* DATA FOR PROCESSING

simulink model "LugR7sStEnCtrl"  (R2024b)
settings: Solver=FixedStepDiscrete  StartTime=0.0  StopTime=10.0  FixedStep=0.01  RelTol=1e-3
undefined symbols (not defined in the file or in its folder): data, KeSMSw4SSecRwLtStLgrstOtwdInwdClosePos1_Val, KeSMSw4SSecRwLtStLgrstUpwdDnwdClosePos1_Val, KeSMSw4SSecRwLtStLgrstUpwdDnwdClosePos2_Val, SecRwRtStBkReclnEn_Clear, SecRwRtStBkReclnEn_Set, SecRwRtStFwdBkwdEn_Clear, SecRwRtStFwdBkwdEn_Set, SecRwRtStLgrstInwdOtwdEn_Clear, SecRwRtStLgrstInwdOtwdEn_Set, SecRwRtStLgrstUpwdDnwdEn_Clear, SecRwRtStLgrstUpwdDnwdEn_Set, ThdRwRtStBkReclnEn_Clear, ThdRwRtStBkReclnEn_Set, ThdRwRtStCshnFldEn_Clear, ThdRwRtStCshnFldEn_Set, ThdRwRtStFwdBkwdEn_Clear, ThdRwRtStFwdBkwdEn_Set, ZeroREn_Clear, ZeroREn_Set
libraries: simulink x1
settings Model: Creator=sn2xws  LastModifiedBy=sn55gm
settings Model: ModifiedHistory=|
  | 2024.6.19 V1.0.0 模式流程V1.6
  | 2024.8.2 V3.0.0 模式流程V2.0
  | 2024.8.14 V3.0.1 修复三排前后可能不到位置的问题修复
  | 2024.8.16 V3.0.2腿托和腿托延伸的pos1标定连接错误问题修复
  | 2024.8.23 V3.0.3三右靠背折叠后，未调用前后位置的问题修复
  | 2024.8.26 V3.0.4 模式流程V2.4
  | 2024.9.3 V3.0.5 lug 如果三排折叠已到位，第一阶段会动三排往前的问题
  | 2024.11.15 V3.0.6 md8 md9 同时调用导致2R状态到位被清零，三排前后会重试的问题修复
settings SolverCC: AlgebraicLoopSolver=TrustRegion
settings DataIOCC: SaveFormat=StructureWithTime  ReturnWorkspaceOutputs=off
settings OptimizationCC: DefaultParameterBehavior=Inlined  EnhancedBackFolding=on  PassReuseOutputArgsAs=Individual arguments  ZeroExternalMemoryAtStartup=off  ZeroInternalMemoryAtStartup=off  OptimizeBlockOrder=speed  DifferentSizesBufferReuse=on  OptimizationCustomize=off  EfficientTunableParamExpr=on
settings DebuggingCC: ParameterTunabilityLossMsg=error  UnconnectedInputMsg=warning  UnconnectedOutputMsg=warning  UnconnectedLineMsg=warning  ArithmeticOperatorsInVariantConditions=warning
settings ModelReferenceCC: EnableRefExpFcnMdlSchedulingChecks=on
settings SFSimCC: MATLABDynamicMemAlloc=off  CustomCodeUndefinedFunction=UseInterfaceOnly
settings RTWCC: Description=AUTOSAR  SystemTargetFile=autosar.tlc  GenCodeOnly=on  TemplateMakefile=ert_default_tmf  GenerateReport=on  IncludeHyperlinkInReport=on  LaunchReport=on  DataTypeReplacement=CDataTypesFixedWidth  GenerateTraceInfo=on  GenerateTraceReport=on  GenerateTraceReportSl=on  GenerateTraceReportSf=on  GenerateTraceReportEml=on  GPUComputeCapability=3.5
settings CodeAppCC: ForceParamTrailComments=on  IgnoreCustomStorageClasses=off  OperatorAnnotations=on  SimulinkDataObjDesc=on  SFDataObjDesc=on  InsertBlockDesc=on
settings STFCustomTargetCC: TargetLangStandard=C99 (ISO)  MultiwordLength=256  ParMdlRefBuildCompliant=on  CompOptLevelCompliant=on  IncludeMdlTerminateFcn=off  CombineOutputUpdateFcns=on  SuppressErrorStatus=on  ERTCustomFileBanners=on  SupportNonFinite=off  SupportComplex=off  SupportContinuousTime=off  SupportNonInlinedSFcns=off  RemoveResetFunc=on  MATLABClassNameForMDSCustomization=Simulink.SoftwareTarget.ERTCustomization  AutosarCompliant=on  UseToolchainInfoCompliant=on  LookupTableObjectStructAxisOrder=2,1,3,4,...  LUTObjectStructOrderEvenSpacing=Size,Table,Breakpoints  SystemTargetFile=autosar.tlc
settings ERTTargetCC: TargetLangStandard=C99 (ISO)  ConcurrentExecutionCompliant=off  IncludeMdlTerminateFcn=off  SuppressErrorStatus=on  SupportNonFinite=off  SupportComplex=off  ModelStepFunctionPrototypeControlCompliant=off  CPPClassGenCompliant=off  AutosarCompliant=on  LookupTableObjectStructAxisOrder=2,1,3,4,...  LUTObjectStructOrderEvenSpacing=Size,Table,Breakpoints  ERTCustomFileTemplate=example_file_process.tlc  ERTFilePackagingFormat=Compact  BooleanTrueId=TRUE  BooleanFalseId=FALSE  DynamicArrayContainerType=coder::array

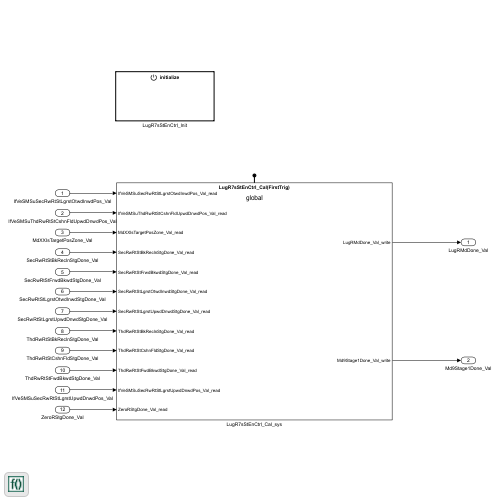
[thumbnail: Simulink's stored preview of the top-level diagram]
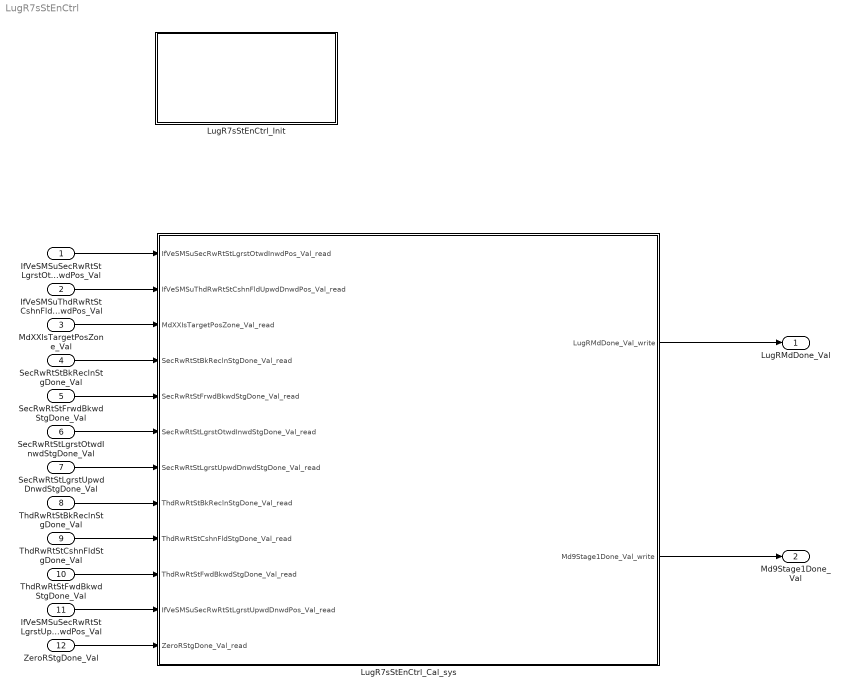
== system LugR7sStEnCtrl ==
  IfVeSMSuSecRwRtStLgrstOtwdInwdPos_Val : Inport  OutDataTypeStr=uint16  PortDimensions=1
  IfVeSMSuThdRwRtStCshnFldUpwdDnwdPos_Val : Inport  Port=2  OutDataTypeStr=uint16  PortDimensions=1
  MdXXIsTargetPosZone_Val : Inport  Port=3  OutDataTypeStr=uint32  PortDimensions=1
  SecRwRtStBkReclnStgDone_Val : Inport  Port=4  OutDataTypeStr=boolean  PortDimensions=1
  SecRwRtStFrwdBkwdStgDone_Val : Inport  Port=5  OutDataTypeStr=boolean  PortDimensions=1
  SecRwRtStLgrstOtwdInwdStgDone_Val : Inport  Port=6  OutDataTypeStr=boolean  PortDimensions=1
  SecRwRtStLgrstUpwdDnwdStgDone_Val : Inport  Port=7  OutDataTypeStr=boolean  PortDimensions=1
  ThdRwRtStBkReclnStgDone_Val : Inport  Port=8  OutDataTypeStr=boolean  PortDimensions=1
  ThdRwRtStCshnFldStgDone_Val : Inport  Port=9  OutDataTypeStr=boolean  PortDimensions=1
  ThdRwRtStFwdBkwdStgDone_Val : Inport  Port=10  OutDataTypeStr=boolean  PortDimensions=1
  IfVeSMSuSecRwRtStLgrstUpwdDnwdPos_Val : Inport  Port=11  OutDataTypeStr=uint16  PortDimensions=1
  ZeroRStgDone_Val : Inport  Port=12  OutDataTypeStr=boolean  PortDimensions=1
  LugR7sStEnCtrl_Cal_sys : Subsystem
  LugR7sStEnCtrl_Init : Subsystem
  LugRMdDone_Val : Outport  OutDataTypeStr=uint8  PortDimensions=1  VectorParamsAs1DForOutWhenUnconnected=off
  Md9Stage1Done_Val : Outport  Port=2  OutDataTypeStr=boolean  PortDimensions=1  VectorParamsAs1DForOutWhenUnconnected=off
  wires:
  IfVeSMSuSecRwRtStLgrstOtwdInwdPos_Val/1 -> LugR7sStEnCtrl_Cal_sys/1(IfVeSMSuSecRwRtStLgrstOtwdInwdPos_Val_read)
  IfVeSMSuThdRwRtStCshnFldUpwdDnwdPos_Val/1 -> LugR7sStEnCtrl_Cal_sys/2(IfVeSMSuThdRwRtStCshnFldUpwdDnwdPos_Val_read)
  MdXXIsTargetPosZone_Val/1 -> LugR7sStEnCtrl_Cal_sys/3(MdXXIsTargetPosZone_Val_read)
  SecRwRtStBkReclnStgDone_Val/1 -> LugR7sStEnCtrl_Cal_sys/4(SecRwRtStBkReclnStgDone_Val_read)
  SecRwRtStFrwdBkwdStgDone_Val/1 -> LugR7sStEnCtrl_Cal_sys/5(SecRwRtStFrwdBkwdStgDone_Val_read)
  SecRwRtStLgrstOtwdInwdStgDone_Val/1 -> LugR7sStEnCtrl_Cal_sys/6(SecRwRtStLgrstOtwdInwdStgDone_Val_read)
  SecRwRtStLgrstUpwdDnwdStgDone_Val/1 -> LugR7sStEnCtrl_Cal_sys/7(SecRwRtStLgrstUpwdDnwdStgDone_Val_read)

* PROBLEM STATEMENT
Please retype the listing word for word, from its first line through the line containing "2024.8.14 V3.0.1 修复三排前后可能不到位置的问题修复", and add nothing else.

* ANSWER AREA
simulink model "LugR7sStEnCtrl"  (R2024b)
settings: Solver=FixedStepDiscrete  StartTime=0.0  StopTime=10.0  FixedStep=0.01  RelTol=1e-3
undefined symbols (not defined in the file or in its folder): data, KeSMSw4SSecRwLtStLgrstOtwdInwdClosePos1_Val, KeSMSw4SSecRwLtStLgrstUpwdDnwdClosePos1_Val, KeSMSw4SSecRwLtStLgrstUpwdDnwdClosePos2_Val, SecRwRtStBkReclnEn_Clear, SecRwRtStBkReclnEn_Set, SecRwRtStFwdBkwdEn_Clear, SecRwRtStFwdBkwdEn_Set, SecRwRtStLgrstInwdOtwdEn_Clear, SecRwRtStLgrstInwdOtwdEn_Set, SecRwRtStLgrstUpwdDnwdEn_Clear, SecRwRtStLgrstUpwdDnwdEn_Set, ThdRwRtStBkReclnEn_Clear, ThdRwRtStBkReclnEn_Set, ThdRwRtStCshnFldEn_Clear, ThdRwRtStCshnFldEn_Set, ThdRwRtStFwdBkwdEn_Clear, ThdRwRtStFwdBkwdEn_Set, ZeroREn_Clear, ZeroREn_Set
libraries: simulink x1
settings Model: Creator=sn2xws  LastModifiedBy=sn55gm
settings Model: ModifiedHistory=|
  | 2024.6.19 V1.0.0 模式流程V1.6
  | 2024.8.2 V3.0.0 模式流程V2.0
  | 2024.8.14 V3.0.1 修复三排前后可能不到位置的问题修复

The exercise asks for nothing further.